Of the human genome's 20,000 or so genes, about 2000 have received almost all the attention of biomedical researchers.
While 10 percent of the human genome attracts ever more scientific attention, a quarter of genes – about 5000 – have not been researched at all, according to a study published in PLOS Biology.
'There's a chance that we are missing out on a lot of interesting biology,' study author Professor Luís Nunes Amaral of Northwestern University, Illinois, told the Atlantic.
The team identified 430 features of genes – from their size and location in the genome to stability of the protein they encoded – to find out what it was that attracted scientists to study the same ones over and over again. They found that 15 features of a gene could be used to accurately predict the number of publications on that gene, the year of first publication about it and the existence of medical drugs relating to it.
These features were closely related to how easy it was for a researcher to study the gene, rather than the role the gene might play in disease. The more leg-work had already been done by other scientists on the gene, the more likely that it would attract further interest from scientists.

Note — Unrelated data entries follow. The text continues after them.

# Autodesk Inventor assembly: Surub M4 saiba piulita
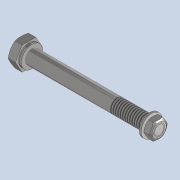
[picture p0: Inventor's stored thumbnail of the model, 180x180]
Saved by Autodesk Inventor 2020 (Build 240168000, 168)
## iProperties
Created: 2020-12-19
Part Number: Surub M4 saiba piulita
Document SubType Name: Assembly
Designer: Iulian Bors
Author: Iulian Bors
## Documents named in this file (4)
- Z:\I.A.B\Proiecte\0005 I.A.B 3d 2.0 Imprimanta aracet\10 Mecanic\Surub M4 saiba piulita.iam
- Z:\I.A.B\Proiecte\0005 I.A.B 3d 2.0 Imprimanta aracet\10 Mecanic\0005-10-1013 ISO 7089 - 4 - 140 HV.ipt
- Z:\I.A.B\Proiecte\0005 I.A.B 3d 2.0 Imprimanta aracet\10 Mecanic\0005-10-1014 ISO 4032 - M4 - ISO.ipt
- C:\Users\40743\Documents\Inventor\Content Center Files\R2020\en-US\ISO 4017(1)\ISO 4017 - M4 x 40 - ISO.ipt
## Components (4 placed, 3 different names)
1. ISO 4017 M4 x 40:1
2. ISO 7089 4:1
3. ISO 4032 M4:1 — Insert:1
4. ISO 7089 4:2 — Insert:1
## Relationships (4: Mate 2, Insert 2)
- [Mate]: ISO 4017 M4 x 40:1 ↔ ISO 7089 4:1
- [Mate]: ISO 4017 M4 x 40:1 ↔ ISO 7089 4:1
- Insert:1: ISO 4032 M4:1 ↔ ISO 7089 4:2
- [Insert]: ISO 4017 M4 x 40:1 ↔ ISO 4032 M4:1
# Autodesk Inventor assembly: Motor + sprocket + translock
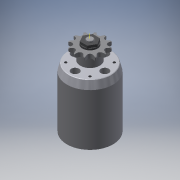
[picture p0: Inventor's stored thumbnail of the model, 180x180]
Saved by Autodesk Inventor 2018 (Build 220112000, 112)
## iProperties
Created: 2018-08-13
Part Number: Motor + sprocket + translock
Document SubType Name: Assembly
Designer: ruben
Author: ruben
## Documents named in this file (4)
- C:\Users\ruben\Documents\Inventor\Electric-Scooter\Transmission\Motor + sprocket + translock.iam
- C:\Users\ruben\Documents\Inventor\Electric-Scooter\Transmission\Sprocket 3-8x7-32 12T.ipt
- C:\Users\ruben\Documents\Inventor\Electric-Scooter\Transmission\Translock taperlock.ipt
- C:\Users\ruben\Documents\Inventor\Electric-Scooter\Transmission\Turnigy Brushless DC Motor.ipt
## Components (3 placed, 3 different names)
1. Sprocket 3-8x7-32 12T:1 — Insert:2
2. Translock taperlock:1 — Insert:1
3. Turnigy Brushless DC Motor:1 — Insert:1, Insert:2, Mate:1
## Relationships (3: Insert 2, Mate 1)
- Insert:1 (1 mm): Translock taperlock:1 ↔ Turnigy Brushless DC Motor:1
- Insert:2 (-6 mm): Sprocket 3-8x7-32 12T:1 ↔ Turnigy Brushless DC Motor:1
- Mate:1: Turnigy Brushless DC Motor:1
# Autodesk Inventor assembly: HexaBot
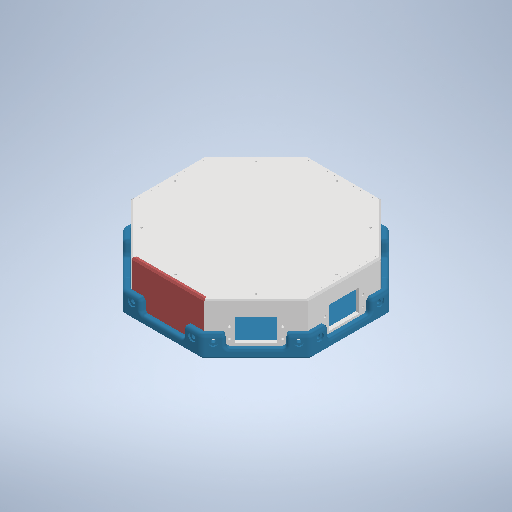
[picture p0: Inventor's stored thumbnail of the model, 512x512]
Saved by Autodesk Inventor 2025.1 (Build 291241020, 241B)
## iProperties
Created: 2024-08-28
Part Number: HexaBot
Document SubType Name: Assembly
Designer: SEON06
Author: SEON06
## Documents named in this file (5)
- C:\Users\daare\Documents\Inventor\HexaBot_s\HexaBot.iam
- C:\Users\daare\Documents\Inventor\HexaBot_s\Base.ipt
- C:\Users\daare\Documents\Inventor\HexaBot_s\Wall.ipt
- C:\Users\daare\Documents\Inventor\HexaBot_s\Cap.ipt
- C:\Users\daare\Documents\Inventor\HexaBot_s\Wall-for-Motor.ipt
## Components (10 placed, 4 different names)
1. Base:1 — 메이트:1, 각도:1, 메이트:2, 메이트:3, 메이트:7, 메이트:13, 메이트:18, 메이트:23, 메이트:24, 메이트:25, 메이트:26, 메이트:27, 메이트:28, 메이트:29, 메이트:30, 메이트:31, 메이트:32, 메이트:33, 메이트:34, 메이트:35, 메이트:36, 메이트:37, 메이트:38, 메이트:39, 메이트:40
2. Wall:1 — 메이트:2, 메이트:3, 메이트:7, 대칭:2, 메이트:22
3. Wall:5 — 메이트:13, 메이트:18, 대칭:2
4. Cap:1 — 메이트:22
5. Wall-for-Motor:1 — 메이트:23, 메이트:24, 메이트:25
6. Wall-for-Motor:2 — 메이트:26, 메이트:27, 메이트:28
7. Wall-for-Motor:3 — 메이트:29, 메이트:30, 메이트:31
8. Wall-for-Motor:4 — 메이트:35, 메이트:36, 메이트:37
9. Wall-for-Motor:5 — 메이트:32, 메이트:33, 메이트:34
10. Wall-for-Motor:6 — 메이트:38, 메이트:39, 메이트:40
## Relationships (27: Mate 25, Angle 1, Symmetry 1)
- 메이트:1 [Mate]: Base:1
- 각도:1 [Angle] (0 deg): Base:1
- 메이트:2 [Mate]: Base:1 ↔ Wall:1
- 메이트:3 [Mate]: Base:1 ↔ Wall:1
- 메이트:7 [Mate]: Base:1 ↔ Wall:1
- 메이트:13 [Mate]: Base:1 ↔ Wall:5
- 메이트:18 [Mate]: Base:1 ↔ Wall:5
- 대칭:2 [Symmetry]: Wall:1 ↔ Wall:5
- 메이트:22 [Mate]: Wall:1 ↔ Cap:1
- 메이트:23 [Mate]: Base:1 ↔ Wall-for-Motor:1
- 메이트:24 [Mate]: Base:1 ↔ Wall-for-Motor:1
- 메이트:25 [Mate]: Base:1 ↔ Wall-for-Motor:1
- 메이트:26 [Mate]: Base:1 ↔ Wall-for-Motor:2
- 메이트:27 [Mate]: Base:1 ↔ Wall-for-Motor:2
- 메이트:28 [Mate]: Base:1 ↔ Wall-for-Motor:2
- 메이트:29 [Mate]: Base:1 ↔ Wall-for-Motor:3
- 메이트:30 [Mate]: Base:1 ↔ Wall-for-Motor:3
- 메이트:31 [Mate]: Base:1 ↔ Wall-for-Motor:3
- 메이트:32 [Mate]: Base:1 ↔ Wall-for-Motor:5
- 메이트:33 [Mate]: Base:1 ↔ Wall-for-Motor:5
- 메이트:34 [Mate]: Base:1 ↔ Wall-for-Motor:5
- 메이트:35 [Mate]: Base:1 ↔ Wall-for-Motor:4
- 메이트:36 [Mate]: Base:1 ↔ Wall-for-Motor:4
- 메이트:37 [Mate]: Base:1 ↔ Wall-for-Motor:4
- 메이트:38 [Mate]: Base:1 ↔ Wall-for-Motor:6
- 메이트:39 [Mate]: Base:1 ↔ Wall-for-Motor:6
- 메이트:40 [Mate]: Base:1 ↔ Wall-for-Motor:6
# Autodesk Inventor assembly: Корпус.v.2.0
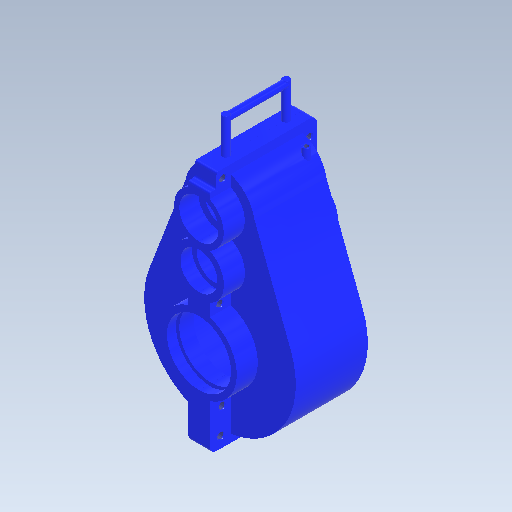
[picture p0: Inventor's stored thumbnail of the model, 512x512]
Saved by Autodesk Inventor 2021 (Build 250183000, 183)
## iProperties
Created: 2023-03-25
Part Number: Корпус.v.2.0
Document SubType Name: Assembly
Designer: gdevc
Mass: 1693.71 g
Surface Area: 4483.52 cm^2
Volume: 1693.71 cm^3
Density: 1 g/cm^3
Author: gdevc
## Documents named in this file (3)
- C:\Users\gdevc\OneDrive\Рабочий стол\Курсач\DetaliMashine\Новая папка\Корпус.v.2.0.iam
- C:\Users\gdevc\OneDrive\Рабочий стол\Курсач\DetaliMashine\Новая папка\Левая створка.ipt
- C:\Users\gdevc\OneDrive\Рабочий стол\Курсач\DetaliMashine\Новая папка\Правая створка.ipt
## Components (2 placed, 2 different names)
1. Левая створка:1 — Совмещение:1, Совмещение:2
2. Правая створка:1 — Совмещение:1, Совмещение:2
## Relationships (2: Mate 2)
- Совмещение:1 [Mate]: Левая створка:1 ↔ Правая створка:1
- Совмещение:2 [Mate]: Левая створка:1 ↔ Правая створка:1
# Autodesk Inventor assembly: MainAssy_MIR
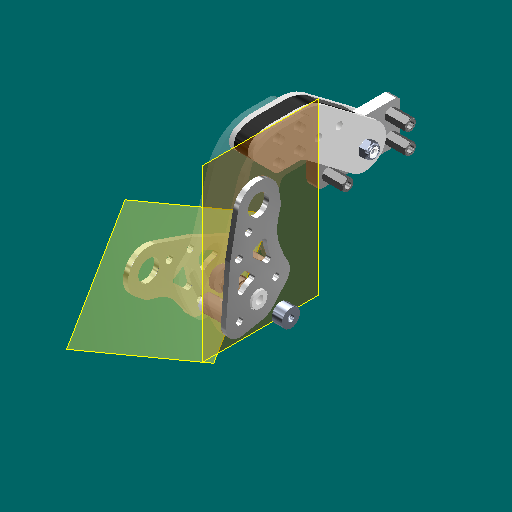
[picture p0: Inventor's stored thumbnail of the model, 512x512]
Saved by Autodesk Inventor 2023.1 (Build 271208000, 208)
## iProperties
Created: 2022-11-06
Part Number: MainAssy_MIR
Document SubType Name: Assembly
Designer: Zac Hah
Mass: 4700.42 g
Surface Area: 13150.1 cm^2
Volume: 2878.83 cm^3
Density: 1.63275 g/cm^3
Author: zac-h
## Documents named in this file (20)
- C:\Users\zac-h\Documents\CAD\spin-up-18_1\IntakeSide_MIR.iam
- IntakeSide_MIR.iam
- C:\Users\zac-h\Documents\CAD\spin-up-18_1\IntakeShoulder_MIR.ipt
- C:\Users\zac-h\Documents\CAD\VEX-CAD-Inventor-1.3.0\VEX-CAD-Inventor-1.3.0\Structure\Standoff\Standoff .50.ipt
- C:\Users\zac-h\Documents\CAD\VEX-CAD-Inventor-1.3.0\VEX-CAD-Inventor-1.3.0\Structure\Hardware\Nut Nylock.ipt
- C:\Users\zac-h\Documents\CAD\VEX-CAD-Inventor-1.3.0\VEX-CAD-Inventor-1.3.0\Motion\Spacers\Washer Teflon\TWasher .375 OD x .04000.ipt
- C:\Users\zac-h\Documents\CAD\VEX-CAD-Inventor-1.3.0\VEX-CAD-Inventor-1.3.0\Structure\Hardware\Screw Steel - Star\SScrew Star Smooth .500.ipt
- C:\Users\Zac Hah\Documents\GitHub\spin-up-cad\VEX-CAD-Inventor-1.3.0\VEX-CAD-Inventor-1.3.0\Structure\Hardware\Screw Steel - Star.ipt
- C:\Users\zac-h\Documents\CAD\spin-up-18_1\IntakeAftArm_MIR.ipt
- C:\Users\zac-h\Documents\CAD\spin-up-18_1\IntakeForearm_MIR.ipt
- C:\Users\zac-h\Documents\CAD\spin-up-18_1\IntakeBearingBlock_MIR.ipt
- C:\Users\zac-h\Documents\CAD\spin-up-18_1\vexbearing_MIR.ipt
- C:\Users\zac-h\Documents\CAD\spin-up-18_1\IntakeBearingSpacer_MIR.ipt
- C:\Users\zac-h\Documents\CAD\guardSwerve5\100spacer_MIR.ipt
- C:\Users\zac-h\Documents\CAD\VEX-CAD-Inventor-1.3.0\VEX-CAD-Inventor-1.3.0\Motion\Wheels\Flex Wheels\2.000 Flex Wheel\2.000 30A .500.ipt
- C:\Users\Zac Hah\Documents\GitHub\spin-up-cad\VEX-CAD-Inventor-1.3.0\VEX-CAD-Inventor-1.3.0\Motion\Wheels\Flex Wheels\2.000 Flex Wheel.ipt
- C:\Users\zac-h\Documents\CAD\VEX-CAD-Inventor-1.3.0\VEX-CAD-Inventor-1.3.0\Motion\Shaft Collar without Set Screw.ipt
- C:\Users\zac-h\Documents\CAD\guardSwerve5\IntakeArmSpacingBlock_MIR.ipt
- C:\Users\zac-h\Documents\CAD\VEX-CAD-Inventor-1.3.0\VEX-CAD-Inventor-1.3.0\Structure\Standoff.ipt
- C:\Users\zac-h\Documents\CAD\VEX-CAD-Inventor-1.3.0\VEX-CAD-Inventor-1.3.0\Motion\Spacers\Washer Teflon.ipt
## Components (27 placed, 14 different names)
1. IntakeShoulder_MIR:1 — Insert:35, Insert:34, Insert:39, Insert:38, Insert:37, Insert:40
2. Standoff .50:1
3. Standoff .50:2 — Insert:35
4. Standoff .50:3
5. Nut Nylock:1 — Insert:42
6. TWasher .375 OD x .04000:1 — Insert:34, Flush:1
7. SScrew Star Smooth .500:1 — Insert:39
8. SScrew Star Smooth .500:2 — Insert:38
9. SScrew Star Smooth .500:3 — Insert:37
10. TWasher .375 OD x .04000:2 — Insert:40, Insert:41
11. IntakeAftArm_MIR:1 — Flush:1, Insert:43
12. IntakeAftArm_MIR:2 — Insert:42, Insert:41, Flush:2, Flush:7
13. IntakeForearm_MIR:1 — Flush:2, Flush:4, Flush:3
14. IntakeForearm_MIR:2 — Insert:43, Insert:45, Insert:44, Insert:52, Flush:5, Insert:49
15. IntakeBearingBlock_MIR:1 — Flush:4, Flush:3, Insert:46
16. IntakeBearingBlock_MIR:2 — Insert:45, Insert:44, Insert:47
17. vexbearing_MIR:1 — Insert:46, Flush:6, Insert:53
18. vexbearing_MIR:2 — Insert:47
19. IntakeBearingSpacer_MIR:1 — Insert:52, Flush:5
20. IntakeBearingSpacer_MIR:2 — Insert:49
21. 100spacer_MIR:1 — Flush:6, Insert:51
22. 2.000 30A .500:1 — Insert:51, Insert:56
23. 100spacer_MIR:2 — Insert:53, Insert:54
24. Shaft Collar without Set Screw:1 — Insert:54, Insert:55
25. 100spacer_MIR:3 — Insert:55
26. Shaft Collar without Set Screw:2 — Insert:56
27. IntakeArmSpacingBlock_MIR:1 — Flush:7
## Relationships (27: Insert 20, Mate 7)
- Insert:35: IntakeShoulder_MIR:1 ↔ Standoff .50:2
- Insert:34: IntakeShoulder_MIR:1 ↔ TWasher .375 OD x .04000:1
- Insert:39: IntakeShoulder_MIR:1 ↔ SScrew Star Smooth .500:1
- Insert:38: IntakeShoulder_MIR:1 ↔ SScrew Star Smooth .500:2
- Insert:37: IntakeShoulder_MIR:1 ↔ SScrew Star Smooth .500:3
- Insert:40: IntakeShoulder_MIR:1 ↔ TWasher .375 OD x .04000:2
- Flush:1 [Mate]: TWasher .375 OD x .04000:1 ↔ IntakeAftArm_MIR:1
- Insert:42: Nut Nylock:1 ↔ IntakeAftArm_MIR:2
- Insert:41: TWasher .375 OD x .04000:2 ↔ IntakeAftArm_MIR:2
- Flush:2 [Mate]: IntakeAftArm_MIR:2 ↔ IntakeForearm_MIR:1
- Insert:43: IntakeAftArm_MIR:1 ↔ IntakeForearm_MIR:2
- Flush:4 [Mate]: IntakeForearm_MIR:1 ↔ IntakeBearingBlock_MIR:1
- Flush:3 [Mate]: IntakeForearm_MIR:1 ↔ IntakeBearingBlock_MIR:1
- Insert:45: IntakeForearm_MIR:2 ↔ IntakeBearingBlock_MIR:2
- Insert:44: IntakeForearm_MIR:2 ↔ IntakeBearingBlock_MIR:2
- Insert:46: IntakeBearingBlock_MIR:1 ↔ vexbearing_MIR:1
- Insert:47: IntakeBearingBlock_MIR:2 ↔ vexbearing_MIR:2
- Insert:52: IntakeForearm_MIR:2 ↔ IntakeBearingSpacer_MIR:1
- Flush:5 [Mate]: IntakeForearm_MIR:2 ↔ IntakeBearingSpacer_MIR:1
- Insert:49: IntakeForearm_MIR:2 ↔ IntakeBearingSpacer_MIR:2
- Flush:6 [Mate]: vexbearing_MIR:1 ↔ 100spacer_MIR:1
- Insert:51: 100spacer_MIR:1 ↔ 2.000 30A .500:1
- Insert:53: vexbearing_MIR:1 ↔ 100spacer_MIR:2
- Insert:54: 100spacer_MIR:2 ↔ Shaft Collar without Set Screw:1
- Insert:55: Shaft Collar without Set Screw:1 ↔ 100spacer_MIR:3
- Insert:56: 2.000 30A .500:1 ↔ Shaft Collar without Set Screw:2
- Flush:7 [Mate]: IntakeAftArm_MIR:2 ↔ IntakeArmSpacingBlock_MIR:1

'People who study these genes have a head start over scientists who have to make tools to study other genes,' Dr Thomas Stoeger, also of Northwestern University and an author of the study, told the New York Times.
In a vicious circle, the longer scientists study a gene, the easier it gets and the more they can publish about it as they try to establish themselves as academics. The study revealed that in the past 20 years, early-career scientists who focused on the least well-studied genes were half as likely to end up running their own lab.
Scientists noticed this tendency for researchers to cluster their efforts around a few popular genes as early as 2003, when the Human Genome Project was completed. This was expected to bring a wealth of knowledge about thousands of unexplored genes. However, if the trend does not change, it will take at least 50 years before every gene has been characterised at the most basic level, the researchers estimate.
Dr Purvesh Khatri, a bioinformatician at the Stanford University, California, who was not involved in the study said that the team had done 'a remarkable job' of finding the reasons why many important genes are ignored. 'Their results underscore the need to change how we study human biology,' said Dr Khatri.
The Northwestern University team has already drafted a wish list of genes that, according to their data, deserve further investigation and would be likely to open a great number of research opportunities.